Ouh là il est tout colère le Kosmo  ....
Que dit Airport ?


----------



## jp.pilet (15 Février 2011)

Pourquoi accuser Apple tout de suite  N'as tu pas installé ou fait certaines choses qui déplaisent à ta machine ? As tu réparé les autorisations ?, passé un p'tit coup d'Onyx ? utilisé l'assistant réseau ? Bref cherchons


----------



## coptere (15 Février 2011)

Mais non ! Mais non ! C'est sûr c'est le MBP qui déconne :affraid:
Faut tout brûler dans ta chambre et changer de papier peint avant 23h aujourd'hui sinon ce sera impossible de solutionner ton problème de connexion Wifi !
:rateau:

Ah on me dit dans l'oreillette qu'il faut aussi acheter un MBP 17" ce soir ... alors cours vite petit scarabée avant la fermeture de l'Apple Store ! :hosto:


----------



## Kosmo (15 Février 2011)

Airport ne dit rien, c'est comme si le réseau était en carton en fait, je suis bien connecté ( j'ai les barres ... ) mais je ne peux pas aller sur le net ni rien.

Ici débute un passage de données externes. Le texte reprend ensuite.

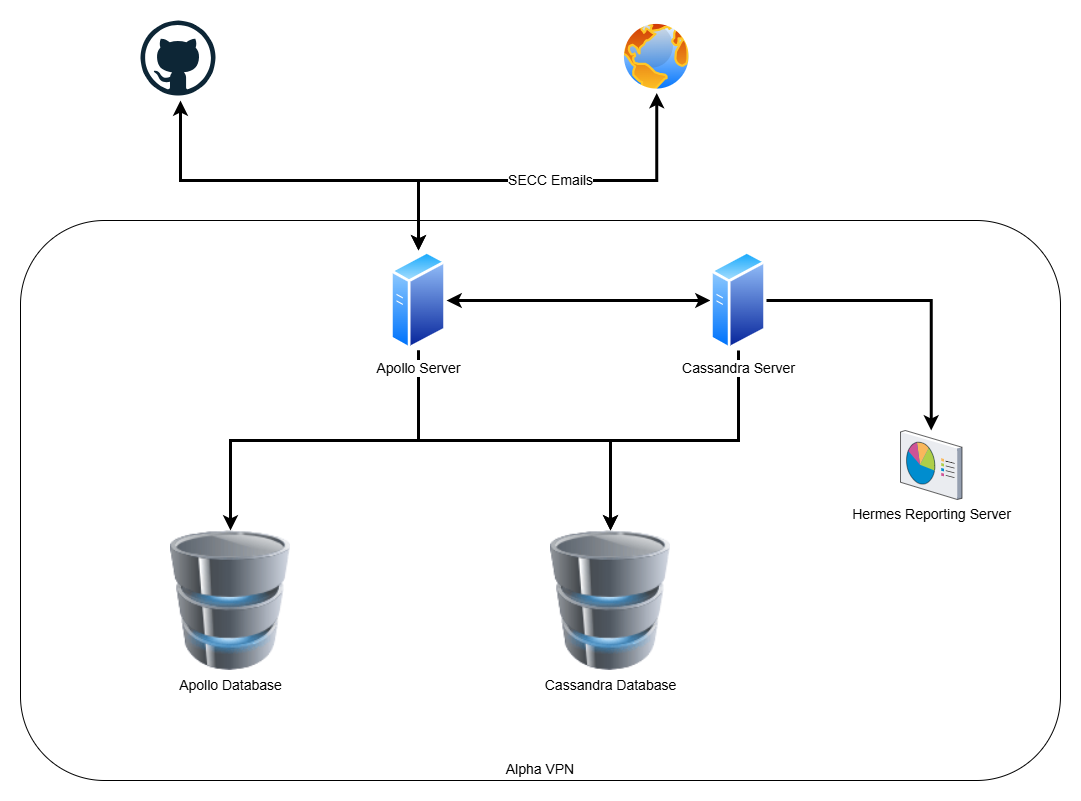

The diagram above was exported from draw.io. Its source (the exported page's mxGraphModel, read from the mxfile embedded in the PNG):
<mxGraphModel dx="1489" dy="890" grid="1" gridSize="10" guides="1" tooltips="1" connect="1" arrows="1" fold="1" page="1" pageScale="1" pageWidth="1169" pageHeight="827" math="0" shadow="0">
  <root>
    <mxCell id="0" />
    <mxCell id="1" parent="0" />
    <mxCell id="HZ0ob0l9KlI434cfiaBJ-16" value="Alpha VPN" style="rounded=1;whiteSpace=wrap;html=1;verticalAlign=bottom;fontSize=14;" parent="1" vertex="1">
      <mxGeometry x="80" y="240" width="1040" height="560" as="geometry" />
    </mxCell>
    <mxCell id="HZ0ob0l9KlI434cfiaBJ-17" value="Hermes Reporting Server" style="verticalLabelPosition=bottom;aspect=fixed;html=1;verticalAlign=top;strokeColor=none;align=center;outlineConnect=0;shape=mxgraph.citrix.reporting;fontSize=14;" parent="1" vertex="1">
      <mxGeometry x="960" y="450" width="61.5" height="69" as="geometry" />
    </mxCell>
    <mxCell id="6wiXWDzP_ZQOOk_hHA65-1" value="" style="dashed=0;outlineConnect=0;html=1;align=center;labelPosition=center;verticalLabelPosition=bottom;verticalAlign=top;shape=mxgraph.weblogos.github" parent="1" vertex="1">
      <mxGeometry x="200" y="40" width="75" height="75" as="geometry" />
    </mxCell>
    <mxCell id="6wiXWDzP_ZQOOk_hHA65-2" value="Apollo Database" style="image;html=1;image=img/lib/clip_art/computers/Database_128x128.png;fontSize=14;" parent="1" vertex="1">
      <mxGeometry x="230" y="550" width="120" height="140" as="geometry" />
    </mxCell>
    <mxCell id="6wiXWDzP_ZQOOk_hHA65-4" style="edgeStyle=orthogonalEdgeStyle;rounded=0;orthogonalLoop=1;jettySize=auto;html=1;exitX=1;exitY=0.5;exitDx=0;exitDy=0;strokeWidth=3;" parent="1" source="6wiXWDzP_ZQOOk_hHA65-7" target="HZ0ob0l9KlI434cfiaBJ-17" edge="1">
      <mxGeometry relative="1" as="geometry" />
    </mxCell>
    <mxCell id="6wiXWDzP_ZQOOk_hHA65-3" value="Cassandra Database" style="image;html=1;image=img/lib/clip_art/computers/Database_128x128.png;fontSize=14;" parent="1" vertex="1">
      <mxGeometry x="610" y="550" width="120" height="140" as="geometry" />
    </mxCell>
    <mxCell id="6wiXWDzP_ZQOOk_hHA65-8" style="edgeStyle=orthogonalEdgeStyle;rounded=0;orthogonalLoop=1;jettySize=auto;html=1;exitX=0.5;exitY=1;exitDx=0;exitDy=0;entryX=0.5;entryY=0;entryDx=0;entryDy=0;strokeWidth=3;" parent="1" source="6wiXWDzP_ZQOOk_hHA65-5" target="6wiXWDzP_ZQOOk_hHA65-2" edge="1">
      <mxGeometry relative="1" as="geometry" />
    </mxCell>
    <mxCell id="6wiXWDzP_ZQOOk_hHA65-9" style="edgeStyle=orthogonalEdgeStyle;rounded=0;orthogonalLoop=1;jettySize=auto;html=1;exitX=0.5;exitY=1;exitDx=0;exitDy=0;strokeWidth=3;" parent="1" source="6wiXWDzP_ZQOOk_hHA65-5" target="6wiXWDzP_ZQOOk_hHA65-3" edge="1">
      <mxGeometry relative="1" as="geometry" />
    </mxCell>
    <mxCell id="6wiXWDzP_ZQOOk_hHA65-10" style="edgeStyle=orthogonalEdgeStyle;rounded=0;orthogonalLoop=1;jettySize=auto;html=1;exitX=1;exitY=0.5;exitDx=0;exitDy=0;entryX=0;entryY=0.5;entryDx=0;entryDy=0;startArrow=classic;startFill=1;strokeWidth=3;" parent="1" source="6wiXWDzP_ZQOOk_hHA65-5" target="6wiXWDzP_ZQOOk_hHA65-7" edge="1">
      <mxGeometry relative="1" as="geometry" />
    </mxCell>
    <mxCell id="6wiXWDzP_ZQOOk_hHA65-11" style="edgeStyle=orthogonalEdgeStyle;rounded=0;orthogonalLoop=1;jettySize=auto;html=1;exitX=0.5;exitY=0;exitDx=0;exitDy=0;startArrow=classic;startFill=1;entryX=0.533;entryY=1.067;entryDx=0;entryDy=0;entryPerimeter=0;strokeWidth=3;" parent="1" source="6wiXWDzP_ZQOOk_hHA65-5" target="6wiXWDzP_ZQOOk_hHA65-1" edge="1">
      <mxGeometry relative="1" as="geometry">
        <mxPoint x="240" y="120" as="targetPoint" />
        <Array as="points">
          <mxPoint x="478" y="200" />
          <mxPoint x="240" y="200" />
          <mxPoint x="240" y="120" />
        </Array>
      </mxGeometry>
    </mxCell>
    <mxCell id="6wiXWDzP_ZQOOk_hHA65-5" value="Apollo Server" style="aspect=fixed;perimeter=ellipsePerimeter;html=1;align=center;shadow=0;dashed=0;spacingTop=3;image;image=img/lib/active_directory/generic_server.svg;fontSize=14;" parent="1" vertex="1">
      <mxGeometry x="450" y="270" width="56" height="100" as="geometry" />
    </mxCell>
    <mxCell id="6wiXWDzP_ZQOOk_hHA65-18" style="edgeStyle=orthogonalEdgeStyle;rounded=0;orthogonalLoop=1;jettySize=auto;html=1;exitX=0.5;exitY=1;exitDx=0;exitDy=0;entryX=0.5;entryY=0;entryDx=0;entryDy=0;startArrow=none;startFill=0;strokeWidth=3;" parent="1" source="6wiXWDzP_ZQOOk_hHA65-7" target="6wiXWDzP_ZQOOk_hHA65-3" edge="1">
      <mxGeometry relative="1" as="geometry" />
    </mxCell>
    <mxCell id="6wiXWDzP_ZQOOk_hHA65-7" value="Cassandra Server" style="aspect=fixed;perimeter=ellipsePerimeter;html=1;align=center;shadow=0;dashed=0;spacingTop=3;image;image=img/lib/active_directory/generic_server.svg;fontSize=14;" parent="1" vertex="1">
      <mxGeometry x="770" y="270" width="56" height="100" as="geometry" />
    </mxCell>
    <mxCell id="_Tgehhyqk52k0zd4ik7e-2" value="" style="edgeStyle=orthogonalEdgeStyle;rounded=0;orthogonalLoop=1;jettySize=auto;html=1;strokeWidth=3;startArrow=classic;startFill=1;" parent="1" source="6wiXWDzP_ZQOOk_hHA65-15" target="6wiXWDzP_ZQOOk_hHA65-5" edge="1">
      <mxGeometry relative="1" as="geometry">
        <mxPoint x="716.25" y="192.5" as="targetPoint" />
        <Array as="points">
          <mxPoint x="716" y="200" />
          <mxPoint x="478" y="200" />
        </Array>
      </mxGeometry>
    </mxCell>
    <mxCell id="_Tgehhyqk52k0zd4ik7e-3" value="SECC Emails" style="edgeLabel;html=1;align=center;verticalAlign=middle;resizable=0;points=[];fontSize=14;" parent="_Tgehhyqk52k0zd4ik7e-2" vertex="1" connectable="0">
      <mxGeometry x="-0.3245" y="-1" relative="1" as="geometry">
        <mxPoint x="-60" as="offset" />
      </mxGeometry>
    </mxCell>
    <mxCell id="6wiXWDzP_ZQOOk_hHA65-15" value="" style="aspect=fixed;perimeter=ellipsePerimeter;html=1;align=center;shadow=0;dashed=0;spacingTop=3;image;image=img/lib/active_directory/internet_globe.svg;" parent="1" vertex="1">
      <mxGeometry x="680" y="40" width="72.5" height="72.5" as="geometry" />
    </mxCell>
  </root>
</mxGraphModel>

Sinon à part un émulateur et TF2, je n'ai strictement rien installé sur le macbook, j'ai utilisé l'assistant réseau, sans succès ( En même temps les assistants, j'aimerais savoir si ça a jamais assisté quelqu'un ! ) 
J'ai pas testé Onyx, mais je pense pas que ça puisse régler un problème de réseau si ? .. 
Toute façon vu que j'ai plus internet je peux pas DL l'appli.

Ah il ferait bien de prendre sa retraite papy Jobs !


----------



## coptere (15 Février 2011)

T'as une ip ?


----------